#### DATA IN THIS EXERCISE

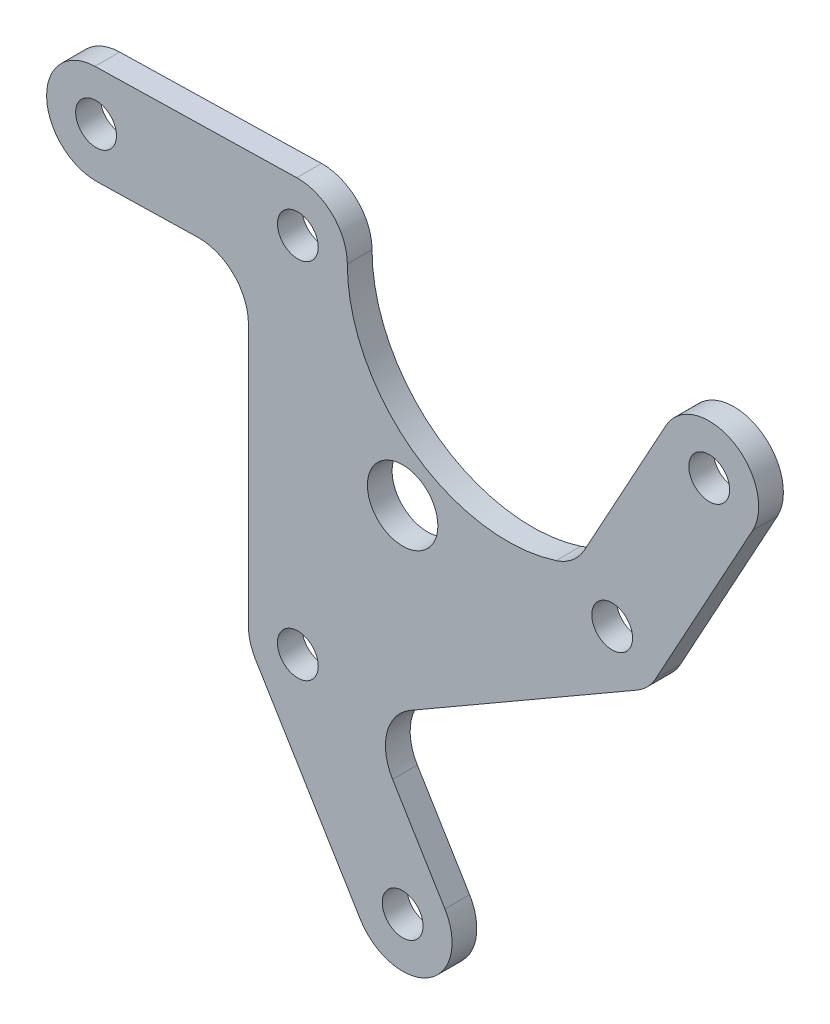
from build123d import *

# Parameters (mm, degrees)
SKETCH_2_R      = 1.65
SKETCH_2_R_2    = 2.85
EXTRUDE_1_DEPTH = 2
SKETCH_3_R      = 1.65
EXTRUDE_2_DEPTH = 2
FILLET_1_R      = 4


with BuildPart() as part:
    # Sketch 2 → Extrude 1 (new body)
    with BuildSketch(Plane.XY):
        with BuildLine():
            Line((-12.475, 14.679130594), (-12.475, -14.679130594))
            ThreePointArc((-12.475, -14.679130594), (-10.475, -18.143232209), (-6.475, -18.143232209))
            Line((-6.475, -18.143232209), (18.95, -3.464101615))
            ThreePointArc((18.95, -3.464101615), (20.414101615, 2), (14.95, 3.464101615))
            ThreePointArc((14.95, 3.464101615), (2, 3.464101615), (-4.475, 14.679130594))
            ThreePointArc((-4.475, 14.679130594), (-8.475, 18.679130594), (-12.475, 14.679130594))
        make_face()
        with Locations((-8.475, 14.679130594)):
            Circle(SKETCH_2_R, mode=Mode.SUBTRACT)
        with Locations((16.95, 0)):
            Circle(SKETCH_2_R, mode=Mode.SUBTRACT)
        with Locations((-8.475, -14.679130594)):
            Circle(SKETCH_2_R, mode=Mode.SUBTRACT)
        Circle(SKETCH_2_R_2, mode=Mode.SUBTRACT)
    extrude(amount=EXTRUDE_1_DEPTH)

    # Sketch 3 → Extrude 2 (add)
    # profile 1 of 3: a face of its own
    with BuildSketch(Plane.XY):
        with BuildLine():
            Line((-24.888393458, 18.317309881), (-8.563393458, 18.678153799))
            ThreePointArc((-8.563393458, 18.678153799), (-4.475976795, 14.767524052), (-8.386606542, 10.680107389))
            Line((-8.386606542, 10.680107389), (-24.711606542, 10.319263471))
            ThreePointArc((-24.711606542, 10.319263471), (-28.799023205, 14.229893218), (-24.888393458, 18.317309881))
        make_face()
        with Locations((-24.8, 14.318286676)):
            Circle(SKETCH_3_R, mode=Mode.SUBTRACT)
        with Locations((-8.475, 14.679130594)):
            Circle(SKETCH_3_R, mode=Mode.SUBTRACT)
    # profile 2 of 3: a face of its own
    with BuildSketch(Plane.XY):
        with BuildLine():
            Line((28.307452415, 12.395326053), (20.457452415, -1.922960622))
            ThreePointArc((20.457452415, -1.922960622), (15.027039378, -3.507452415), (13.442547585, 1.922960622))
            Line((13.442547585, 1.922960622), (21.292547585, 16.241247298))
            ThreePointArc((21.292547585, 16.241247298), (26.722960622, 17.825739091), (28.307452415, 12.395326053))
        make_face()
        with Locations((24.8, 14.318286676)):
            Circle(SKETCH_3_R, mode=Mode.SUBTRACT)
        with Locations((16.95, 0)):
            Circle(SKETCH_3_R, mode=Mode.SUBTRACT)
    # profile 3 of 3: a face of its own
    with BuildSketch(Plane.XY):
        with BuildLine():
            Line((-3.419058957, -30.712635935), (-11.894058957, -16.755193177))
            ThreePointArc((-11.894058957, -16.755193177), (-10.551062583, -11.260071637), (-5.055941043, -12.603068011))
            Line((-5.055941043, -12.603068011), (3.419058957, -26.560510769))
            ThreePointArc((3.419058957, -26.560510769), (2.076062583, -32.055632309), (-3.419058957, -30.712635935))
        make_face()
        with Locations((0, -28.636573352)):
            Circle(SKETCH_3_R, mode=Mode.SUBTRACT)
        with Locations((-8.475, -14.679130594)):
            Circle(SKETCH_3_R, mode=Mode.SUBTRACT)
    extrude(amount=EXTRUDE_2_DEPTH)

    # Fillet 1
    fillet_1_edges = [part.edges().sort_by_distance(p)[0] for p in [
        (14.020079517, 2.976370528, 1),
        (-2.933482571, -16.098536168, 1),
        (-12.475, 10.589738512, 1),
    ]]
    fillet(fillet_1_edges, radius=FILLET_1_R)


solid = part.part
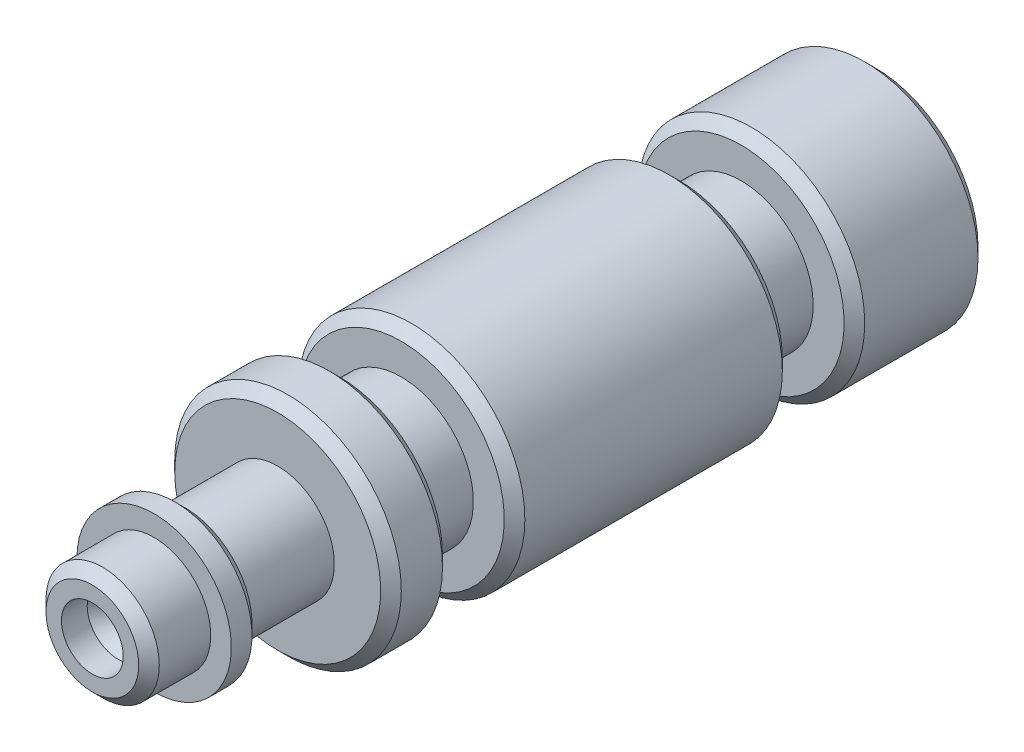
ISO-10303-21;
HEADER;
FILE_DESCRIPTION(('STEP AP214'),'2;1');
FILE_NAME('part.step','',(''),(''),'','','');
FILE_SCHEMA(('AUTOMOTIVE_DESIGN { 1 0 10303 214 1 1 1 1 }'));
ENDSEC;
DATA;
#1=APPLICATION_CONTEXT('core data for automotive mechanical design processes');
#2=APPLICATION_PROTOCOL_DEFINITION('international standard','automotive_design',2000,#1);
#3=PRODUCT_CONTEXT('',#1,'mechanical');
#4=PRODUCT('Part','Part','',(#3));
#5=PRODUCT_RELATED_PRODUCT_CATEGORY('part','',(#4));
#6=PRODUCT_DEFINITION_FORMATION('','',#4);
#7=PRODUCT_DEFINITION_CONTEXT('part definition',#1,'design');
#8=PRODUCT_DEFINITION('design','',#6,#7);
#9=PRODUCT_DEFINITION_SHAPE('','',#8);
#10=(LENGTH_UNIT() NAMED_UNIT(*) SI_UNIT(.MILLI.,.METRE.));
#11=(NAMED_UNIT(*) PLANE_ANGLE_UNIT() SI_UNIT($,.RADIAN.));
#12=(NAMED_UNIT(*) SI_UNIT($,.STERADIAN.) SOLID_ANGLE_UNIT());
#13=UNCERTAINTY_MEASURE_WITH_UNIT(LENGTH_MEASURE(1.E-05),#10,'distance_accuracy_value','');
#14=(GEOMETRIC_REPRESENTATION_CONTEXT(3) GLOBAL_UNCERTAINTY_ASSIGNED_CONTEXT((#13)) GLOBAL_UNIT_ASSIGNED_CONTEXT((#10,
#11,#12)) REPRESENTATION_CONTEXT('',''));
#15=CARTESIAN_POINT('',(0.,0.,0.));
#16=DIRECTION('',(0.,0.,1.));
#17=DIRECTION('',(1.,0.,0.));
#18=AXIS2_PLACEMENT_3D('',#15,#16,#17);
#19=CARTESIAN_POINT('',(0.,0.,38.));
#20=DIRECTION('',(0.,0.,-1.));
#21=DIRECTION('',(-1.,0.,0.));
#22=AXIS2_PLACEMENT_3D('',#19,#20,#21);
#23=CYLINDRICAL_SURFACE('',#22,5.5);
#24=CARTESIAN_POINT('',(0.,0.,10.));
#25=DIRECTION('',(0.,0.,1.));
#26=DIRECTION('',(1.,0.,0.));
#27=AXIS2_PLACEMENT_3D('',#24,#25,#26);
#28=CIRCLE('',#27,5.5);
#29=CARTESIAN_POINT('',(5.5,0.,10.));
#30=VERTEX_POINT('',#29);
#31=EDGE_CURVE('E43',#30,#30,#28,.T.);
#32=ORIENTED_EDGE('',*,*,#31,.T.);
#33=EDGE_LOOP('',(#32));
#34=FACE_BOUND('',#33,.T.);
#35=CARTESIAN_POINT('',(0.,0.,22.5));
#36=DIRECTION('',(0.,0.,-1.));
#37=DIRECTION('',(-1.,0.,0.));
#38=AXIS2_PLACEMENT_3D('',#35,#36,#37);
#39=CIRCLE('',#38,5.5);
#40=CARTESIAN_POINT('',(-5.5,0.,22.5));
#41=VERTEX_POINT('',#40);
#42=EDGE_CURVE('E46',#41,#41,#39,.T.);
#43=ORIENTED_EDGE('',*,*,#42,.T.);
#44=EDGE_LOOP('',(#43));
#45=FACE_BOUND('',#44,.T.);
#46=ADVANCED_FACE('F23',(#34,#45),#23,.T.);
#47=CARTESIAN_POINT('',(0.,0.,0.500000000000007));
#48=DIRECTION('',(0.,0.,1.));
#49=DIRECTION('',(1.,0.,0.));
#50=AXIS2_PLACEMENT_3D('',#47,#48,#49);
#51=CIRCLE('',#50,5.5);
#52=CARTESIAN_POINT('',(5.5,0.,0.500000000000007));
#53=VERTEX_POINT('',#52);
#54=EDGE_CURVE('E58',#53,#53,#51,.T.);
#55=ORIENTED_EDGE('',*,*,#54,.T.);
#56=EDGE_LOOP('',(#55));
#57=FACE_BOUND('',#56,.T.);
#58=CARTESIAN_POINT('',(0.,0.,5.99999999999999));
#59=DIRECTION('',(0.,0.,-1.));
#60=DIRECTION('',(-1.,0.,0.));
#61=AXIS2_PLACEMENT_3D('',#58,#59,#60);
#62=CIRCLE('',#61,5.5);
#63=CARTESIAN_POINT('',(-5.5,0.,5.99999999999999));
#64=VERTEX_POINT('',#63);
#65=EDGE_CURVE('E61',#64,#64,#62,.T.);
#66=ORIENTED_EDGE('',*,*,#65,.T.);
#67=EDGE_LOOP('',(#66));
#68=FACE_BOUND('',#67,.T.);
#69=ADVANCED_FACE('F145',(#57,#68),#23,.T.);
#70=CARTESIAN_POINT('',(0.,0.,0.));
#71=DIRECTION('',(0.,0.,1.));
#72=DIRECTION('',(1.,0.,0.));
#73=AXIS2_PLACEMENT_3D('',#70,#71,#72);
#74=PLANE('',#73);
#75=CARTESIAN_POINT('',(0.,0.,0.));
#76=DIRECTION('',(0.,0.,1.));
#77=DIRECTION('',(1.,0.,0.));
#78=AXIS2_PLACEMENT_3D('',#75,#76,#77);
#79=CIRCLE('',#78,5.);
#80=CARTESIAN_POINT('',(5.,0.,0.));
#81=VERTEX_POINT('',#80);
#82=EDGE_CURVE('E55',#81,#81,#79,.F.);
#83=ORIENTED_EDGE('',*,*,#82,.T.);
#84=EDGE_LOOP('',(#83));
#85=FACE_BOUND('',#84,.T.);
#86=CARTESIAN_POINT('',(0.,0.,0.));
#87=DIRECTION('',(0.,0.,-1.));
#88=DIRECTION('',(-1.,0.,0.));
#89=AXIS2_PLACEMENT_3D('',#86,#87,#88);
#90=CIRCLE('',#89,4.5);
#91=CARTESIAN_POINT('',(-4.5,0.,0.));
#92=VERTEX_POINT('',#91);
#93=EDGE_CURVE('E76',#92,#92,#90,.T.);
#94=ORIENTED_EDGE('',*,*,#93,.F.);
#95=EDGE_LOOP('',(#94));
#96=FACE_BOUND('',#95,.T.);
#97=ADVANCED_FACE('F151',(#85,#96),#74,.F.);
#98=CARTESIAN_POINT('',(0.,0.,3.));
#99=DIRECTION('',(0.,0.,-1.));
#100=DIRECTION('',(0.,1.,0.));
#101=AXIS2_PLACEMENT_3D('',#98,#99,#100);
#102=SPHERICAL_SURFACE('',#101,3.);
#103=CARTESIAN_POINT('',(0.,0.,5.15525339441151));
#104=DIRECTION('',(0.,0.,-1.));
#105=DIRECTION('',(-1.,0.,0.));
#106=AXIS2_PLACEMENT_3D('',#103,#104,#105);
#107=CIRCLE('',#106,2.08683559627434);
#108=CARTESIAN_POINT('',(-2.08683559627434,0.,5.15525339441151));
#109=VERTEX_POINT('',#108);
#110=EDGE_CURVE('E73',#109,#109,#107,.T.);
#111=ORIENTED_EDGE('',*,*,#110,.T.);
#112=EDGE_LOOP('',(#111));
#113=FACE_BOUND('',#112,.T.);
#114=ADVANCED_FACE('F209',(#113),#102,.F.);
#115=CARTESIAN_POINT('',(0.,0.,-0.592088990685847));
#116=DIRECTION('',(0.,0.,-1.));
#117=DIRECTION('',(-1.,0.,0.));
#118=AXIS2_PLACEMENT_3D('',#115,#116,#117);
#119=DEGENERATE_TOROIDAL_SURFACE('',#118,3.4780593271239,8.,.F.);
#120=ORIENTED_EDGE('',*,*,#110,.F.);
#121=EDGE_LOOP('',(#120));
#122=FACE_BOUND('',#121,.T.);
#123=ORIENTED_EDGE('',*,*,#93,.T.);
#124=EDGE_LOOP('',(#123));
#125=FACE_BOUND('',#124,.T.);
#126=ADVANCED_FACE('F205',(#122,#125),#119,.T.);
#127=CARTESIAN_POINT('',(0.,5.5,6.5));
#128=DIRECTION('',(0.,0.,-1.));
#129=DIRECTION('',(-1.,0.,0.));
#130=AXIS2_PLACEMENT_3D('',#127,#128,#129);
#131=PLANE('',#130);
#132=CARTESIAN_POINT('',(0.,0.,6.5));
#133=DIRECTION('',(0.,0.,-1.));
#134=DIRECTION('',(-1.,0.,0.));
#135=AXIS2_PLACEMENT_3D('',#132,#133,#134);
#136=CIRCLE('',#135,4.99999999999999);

########

▶ _REQUIRED WORK_: Transcribe the entries above exactly, from their first line through the line with "3.464101615), (-4.475, 14.679130594))", and omit all pictures.

▶ _EXERCISE RESULT_:
from build123d import *

# Parameters (mm, degrees)
SKETCH_2_R      = 1.65
SKETCH_2_R_2    = 2.85
EXTRUDE_1_DEPTH = 2
SKETCH_3_R      = 1.65
EXTRUDE_2_DEPTH = 2
FILLET_1_R      = 4


with BuildPart() as part:
    # Sketch 2 → Extrude 1 (new body)
    with BuildSketch(Plane.XY):
        with BuildLine():
            Line((-12.475, 14.679130594), (-12.475, -14.679130594))
            ThreePointArc((-12.475, -14.679130594), (-10.475, -18.143232209), (-6.475, -18.143232209))
            Line((-6.475, -18.143232209), (18.95, -3.464101615))
            ThreePointArc((18.95, -3.464101615), (20.414101615, 2), (14.95, 3.464101615))
            ThreePointArc((14.95, 3.464101615), (2, 3.464101615), (-4.475, 14.679130594))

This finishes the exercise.